This section examines competitive intelligence and the relationship of culture. Culture plays a very important role and can be the main inhibitor or the promoter to competitive intelligence. To understand this relationship, the cultural focus and acceptance of competitive intelligence is examined by exploring two different country’s mindsets (New Zealand and Japan) and examines each country’s historical culture, its government’s support of competitive intelligence and academic institutes towards fostering competitive intelligence.
New Zealand was discovered and colonised by the British and followed an English culture & values society. Unlike Japan’s strong group behaviour of gathering and sharing information culture, New Zealand has maintained strong ties with the English system (decision making, financial systems and knowledge sharing), thus limiting the need for knowledge dependence. Only in the late 1990’s, has competitive intelligence been present as a concept (Hawkins, 2004).

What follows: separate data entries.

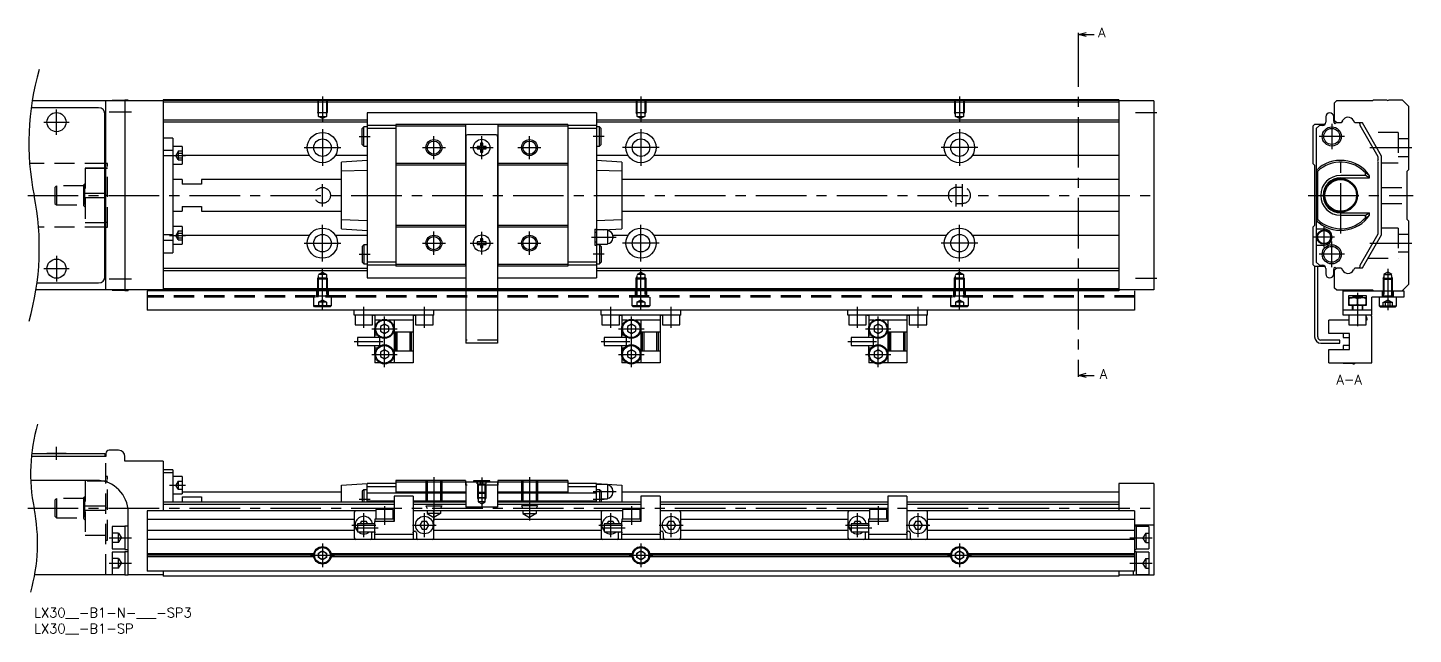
# Model space of a CAD drawing. Extents: x -2 to 433, y -8 to 182.
import ezdxf

# ---------------------------------------------------------------- set-up
doc = ezdxf.new("R2010")
doc.units = 0
doc.header["$LTSCALE"] = 0.5
doc.linetypes.add('CENTER', pattern=[50.8, 31.75, -6.35, 6.35, -6.35])
doc.linetypes.add('DASHED', pattern=[19.05, 12.7, -6.35])
for name, color, linetype in [('MSM_CENTER', 1, 'CENTER'), ('MSM_CONTINUOUS', 7, 'CONTINUOUS'), ('MSM_DASHED', 4, 'DASHED'), ('MSM_NARROW', 5, 'CONTINUOUS'), ('MSM_PART_NUMBER', 7, 'CONTINUOUS')]:
    doc.layers.add(name, color=color, linetype=linetype)
doc.styles.get("Standard").update_dxf_attribs({"font": 'txt.shx', "height": 3, "bigfont": 'bigfont.shx'})

msp = doc.modelspace()

# ---------------------------------------------------------------- linework, layer by layer
at = {"layer": 'MSM_CENTER'}
for p, q in [((327.8, 179.5), (327.8, 73.5)), ((90.54, 160.5), (90.54, 152.59)), ((190.54, 160.5), (190.54, 152.59)), ((290.54, 160.5), (290.54, 152.59)), ((3.04, 152.5), (11.04, 152.5)), ((7.04, 148.5), (7.04, 156.5)), ((23.54, 155.75), (30.54, 155.75)), ((345.79, 155.5), (352.54, 155.5)), ((90.54, 150.25), (90.54, 138.75)), ((102.04, 148), (105.54, 148)), ((125.54, 140.88), (125.54, 148.13)), ((140.54, 140.9), (140.54, 148.1)), ((155.54, 140.88), (155.54, 148.13)), ((179.04, 148), (175.54, 148)), ((190.54, 150.25), (190.54, 138.75)), ((290.54, 150.25), (290.54, 138.75)), ((411.44, 148), (403.44, 148)), ((407.44, 152), (407.44, 144)), ((84.79, 144.5), (96.29, 144.5)), ((121.91, 144.5), (129.16, 144.5)), ((136.94, 144.5), (144.14, 144.5)), ((151.91, 144.5), (159.16, 144.5)), ((196.29, 144.5), (184.79, 144.5)), ((296.29, 144.5), (284.79, 144.5)), ((419.36, 144.5), (432.54, 144.5)), ((42.54, 142.06), (47.54, 142.06)), ((410.24, 117.5), (410.24, 141.5)), ((90.54, 126), (90.54, 133)), ((289.54, 126), (289.54, 133)), ((291.54, 126), (291.54, 133)), ((-2, 129.5), (353.54, 129.5)), ((400.04, 129.5), (433.04, 129.5)), ((90.54, 108.75), (90.54, 120.25)), ((125.54, 110.88), (125.54, 118.12)), ((140.54, 110.9), (140.54, 118.1)), ((155.54, 110.88), (155.54, 118.12)), ((190.54, 108.75), (190.54, 120.25)), ((290.54, 108.75), (290.54, 120.25)), ((405.04, 113.15), (405.04, 119.65)), ((42.54, 116.94), (47.54, 116.94)), ((84.79, 114.5), (96.29, 114.5)), ((121.91, 114.5), (129.16, 114.5)), ((136.94, 114.5), (144.14, 114.5)), ((151.91, 114.5), (159.16, 114.5)), ((175.04, 116.4), (182.74, 116.4)), ((196.29, 114.5), (184.79, 114.5)), ((296.29, 114.5), (284.79, 114.5)), ((408.29, 116.4), (401.79, 116.4)), ((407.44, 107), (407.44, 115)), ((419.36, 114.5), (432.54, 114.5)), ((7.04, 110.5), (7.04, 102.5)), ((102.04, 111), (105.54, 111)), ((179.04, 111), (175.54, 111)), ((411.44, 111), (403.44, 111)), ((3.04, 106.5), (11.04, 106.5)), ((90.54, 93.5), (90.54, 106.41)), ((190.54, 93.5), (190.54, 106.41)), ((290.54, 93.5), (290.54, 106.41)), ((425.04, 106.41), (425.04, 93.5)), ((23.54, 103.25), (30.54, 103.25)), ((345.79, 103.5), (352.54, 103.5)), ((415.54, 98.9), (415.54, 88.45)), ((103.54, 87.9), (103.54, 94.5)), ((110.03, 75.6), (110.03, 91.6)), ((122.54, 87.9), (122.54, 94.5)), ((181.04, 87.9), (181.04, 94.5)), ((187.53, 75.6), (187.53, 91.6)), ((200.04, 87.9), (200.04, 94.5)), ((258.54, 87.9), (258.54, 94.5)), ((265.03, 75.6), (265.03, 91.6)), ((277.54, 87.9), (277.54, 94.5)), ((106.03, 87.6), (114.03, 87.6)), ((183.53, 87.6), (191.53, 87.6)), ((261.03, 87.6), (269.03, 87.6)), ((100.54, 83.6), (109.54, 83.6)), ((178.04, 83.6), (187.04, 83.6)), ((255.54, 83.6), (264.54, 83.6)), ((106.03, 79.6), (114.03, 79.6)), ((183.53, 79.6), (191.53, 79.6)), ((261.03, 79.6), (269.03, 79.6)), ((7.04, 46.5), (7.04, 50.6)), ((125.54, 41), (125.54, 27.41)), ((140.54, 40.9), (140.54, 31.69)), ((140.54, 39.5), (140.54, 31.69)), ((155.54, 41), (155.54, 27.41)), ((42.54, 38.55), (47.54, 38.55)), ((175.54, 36.5), (182.74, 36.5)), ((-2, 31.3), (353.54, 31.3)), ((102.04, 34.1), (105.54, 34.1)), ((110.03, 31.9), (110.03, 26.1)), ((175.54, 34.1), (179.04, 34.1)), ((187.53, 31.9), (187.53, 26.1)), ((265.03, 31.9), (265.03, 26.1)), ((103.54, 22.25), (103.54, 29.75)), ((122.54, 22.25), (122.54, 29.75)), ((181.04, 22.25), (181.04, 29.75)), ((200.04, 22.25), (200.04, 29.75)), ((258.54, 22.25), (258.54, 29.75)), ((277.54, 22.25), (277.54, 29.75)), ((23.54, 22), (30.54, 22)), ((99.79, 26), (107.29, 26)), ((100.54, 25.1), (108.04, 25.1)), ((118.79, 26), (126.29, 26)), ((177.29, 26), (184.79, 26)), ((178.04, 25.1), (185.54, 25.1)), ((196.29, 26), (203.79, 26)), ((254.79, 26), (262.29, 26)), ((255.54, 25.1), (263.04, 25.1)), ((273.79, 26), (281.29, 26)), ((344.04, 22), (351.04, 22)), ((90.54, 20.25), (90.54, 12.75)), ((190.54, 20.25), (190.54, 12.75)), ((290.54, 20.25), (290.54, 12.75)), ((23.54, 14), (30.54, 14)), ((86.79, 16.5), (94.29, 16.5)), ((186.79, 16.5), (194.29, 16.5)), ((286.79, 16.5), (294.29, 16.5)), ((344.04, 14), (351.04, 14))]:
    msp.add_line(p, q, dxfattribs=at)
at = {"layer": 'MSM_CONTINUOUS'}
for p, q in [((327.8, 180), (330.3, 180.67)), ((327.8, 180.5), (327.8, 179.5)), ((330.3, 179.33), (327.8, 180)), ((327.8, 180), (332.8, 180)), ((20.24, 157), (-0.92, 157)), ((40.54, 159.2), (-0.59, 159.2)), ((22.54, 99.8), (22.54, 159.2)), ((24.54, 159.25), (24.54, 159.2)), ((28.54, 159.25), (24.54, 159.25)), ((29.54, 159.4), (28.54, 159.4)), ((28.54, 159.4), (28.54, 99.6)), ((29.54, 159.4), (29.54, 159.2)), ((340.54, 159.5), (40.54, 159.5)), ((40.54, 159.5), (40.54, 99.5)), ((340.54, 159.3), (40.54, 159.3)), ((340.54, 158.8), (40.54, 158.8)), ((340.54, 159.5), (340.54, 99.5)), ((351.54, 159.2), (340.54, 159.2)), ((351.54, 159.2), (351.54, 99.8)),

Compared with the New Zealand culture, Japan’s historical culture developed a strong group behaviour which had a history of gathering information and sharing competitive intelligence among fellow countrymen. Examples of this culture were demonstrated by rice paddy neighbours working together to obtain water resources (Kahaner, 1996). Japan believes gathering information is a noble calling and will pay dividends to people who shared this concept. In the nineteenth century, when Japan was isolated from the rest of world, Emperor Meiji established programs to gain knowledge about western cultures (i.e. business & economics) and applied these lessons (“Wakon yosa” – ‘Japanese spirit and western knowledge’) to improve Japanese culture. While these programs were established in the nineteenth century, these fundamentals are still being applied today. (Kahaner, 1996).
The role of CI at a government level is equally important, and Baumard (1993) believes that “Economic intelligence” is the ability of using knowledge as the basis of economic advantage and is the key element to enable a country’s competitiveness. Furthermore, as the world develops and international relations shift from ‘geo-politics to geo-economics’, the competitive advantage of countries lie in their ability to strategically manage their knowledge, administrations, industries, people, economic wealth and social welfare.
New Zealand Trade and Enterprise provides funding (consultant grants of up $50,000) to improve companies’ ‘capability and international competitiveness’, which can be used to obtain expertise and assistance to develop international business projects (NZTE, 2009). However, there appears to be no
local agencies offering competitive intelligence as a service or applying competitive intelligence in New Zealand government agencies (Hawkins, 2004).
Japan’s Government heavily supports their economy by using and creating awareness of the importance of competitive intelligence and activity establishing competitive intelligence networks within their country. Walter Barndt (1994) documents that leading Japanese agencies (i.e. Trade & Industry and External Trade, Ministry of International Trade and Japanese External Trade Organisation agencies), businesses, banks and advertising agencies all work together and share competitive advantage knowledge (competitive intelligence) to promote business growth and competitiveness. This form of cooperation can be classed as ‘Intelligent Intrusiveness’, which is a series of actions, like sending agents to the Competitors trade-shows or ‘subscribing to monitoring services’ (Baumard, 1993).
The Japanese Government has also amended its Law of Unfair Competition to protect its core business sectors (manufacturing, marketing practice and/or technical/business information) by prohibiting the acts of obtaining, distributing or using trade secrets (Blenkhorn & Fleisher, 2005), while promoting information intelligence gathering by establishing the Japanese External Trade Organisation as a global government sponsored competitive intelligence agency (Kahaner, 1996).